Tibetan Medicine and Indian Ayurveda tell us that "food is our first medicine." It implies that food choices can soothe what ails you, or by eating what is in harmony with your body type, you can maintain your good health and skip altogether the experience of getting sick. Perenial wisdom of the 80's assured us "You are what you eat." Feed lot fattened beef filled with chemicals? Chickens so top heavy they cannot walk even if they had room to try? I would suggest that our culture of fast foods, highly processed foods, and allegedly 'fresh' produce that travels >1,500 miles to reach us is not exactly what makes for healthy strong bodies. Small wonder diabetes and immune dysfunction are skyrocketing - we've forgotten what life giving food looks and tastes like and are losing the tribal knowledge of how to prepare food from scratch! (Definition: 'Scratch' means having meat or other protein source, veggies, carbohydrate, beverage, perhaps fruit or desert that you put together and cook to create a meal - not thawing or heating up a pre-packaged item or warming soup from a can!)
How many young people launching into adulthood know how to cook for themselves? Unfortunately that issue is not new to this generation - how many middle aged to elder men know how to cook for themselves? A family tale tells of a young woman whose mother wouldn't allow her to enter "her" kitchen, and upon her marriage in the 1940's, the young couple survived on BLT's until the husband couldn't bear it any longer and offered to teach his bride a few more meal menus. How many times a week do you or someone in your household cook a meal from scratch?
GARDENING & FARMING?
How many people know about gardening? How many people know how to raise a food animal and care for its needs now that family farms have been consumed by agribusiness? I read a disturbing report last year about a survey of both urban and rural students who were asked to identify where common foods come from, answering questions like "Do beans grow on trees, plants, or are they part of a root?" "Does bacon come from a plant or animal source?" Respondants didn't do so well...I guess our young people believe that beans come in cans or frozen in plastic bags from the grocery store and never think more about it. That is, if they eat green things at all! I cringe remembering how my son would assert that "Vegetables are what FOOD (ie cows, chickens, deer etc) eat!" even though he was raised eating salads and fresh veggies from our garden. I'm not sure I want to know what his dinners look like in his bachelor pad.

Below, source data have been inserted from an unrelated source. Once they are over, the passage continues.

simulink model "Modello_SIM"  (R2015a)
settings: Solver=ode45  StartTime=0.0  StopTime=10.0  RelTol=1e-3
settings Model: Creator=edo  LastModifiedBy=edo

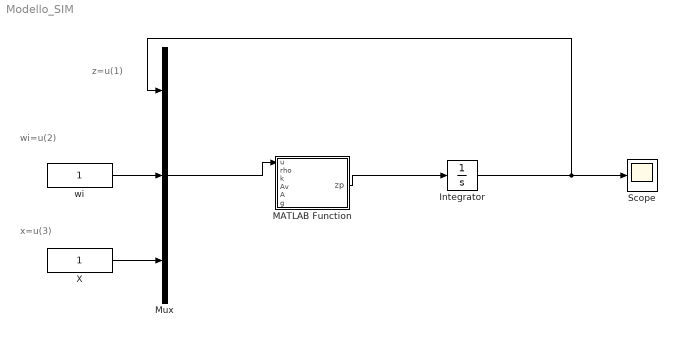
== system Modello_SIM ==
  note: x=u(3)
  note: wi=u(2)
  note: z=u(1)
  Integrator : Integrator
  MATLAB Function : MATLAB Function  TreatAsAtomicUnit=on
  Mux : Mux  Inputs=3
  Scope : Scope
  "X " : FromWorkspace  VariableName=1  SampleTime=0
  "wi " : FromWorkspace  VariableName=1  SampleTime=0
  wires:
  Mux/1 -> MATLAB Function/1(u)
  MATLAB Function/1(zp) -> Integrator/1
  Integrator/1 -> Mux/1, Scope/1
  "wi "/1 -> Mux/2
  "X "/1 -> Mux/3

== matlab function Modello_SIM/MATLAB Function ==
  data: u input; zp output; rho input; k input; Av input; A input; g input
% function that return the derivative of the liquid livel in the tank
function zp  = model(u,rho,k,Av,A,g)
z = u(1);
model.m
% first input: tank level
wi = u(2); % second input: input flow rate
x = min(1,max(0,u(3))); % third input: stem position 0<=x<=1
zp = (wi/(rho*A))-k*(Av/A)*x*sqrt(g)*sqrt(z); %  z_point expression

In my grandparents' generation, gardening and home canning of food to last through the winter was a way of life. The whole family participated from little kids to elders. Victory gardens sprouted in urban yards in response to World War II's food shortages. We began to lose our knowing as refrigeration, transportation and manufacturing boomed and made available to us food from all over the country and now, from all over the globe. But despair not - organic farmers teaching us about healthy soil and are showing us the delightful outcome of preparing food without the petro-chemicals of fertilizers, herbicides and pesticides. Farmers' Markets are thriving and popping up in many communities to provide life-filled, truly fresh produce. We have universities teaching adult learners to be Master Gardeners as we realize just how wonderful a process it is to produce flavorful food from our healthy soil, sunshine, fresh water, seeds, and sweat.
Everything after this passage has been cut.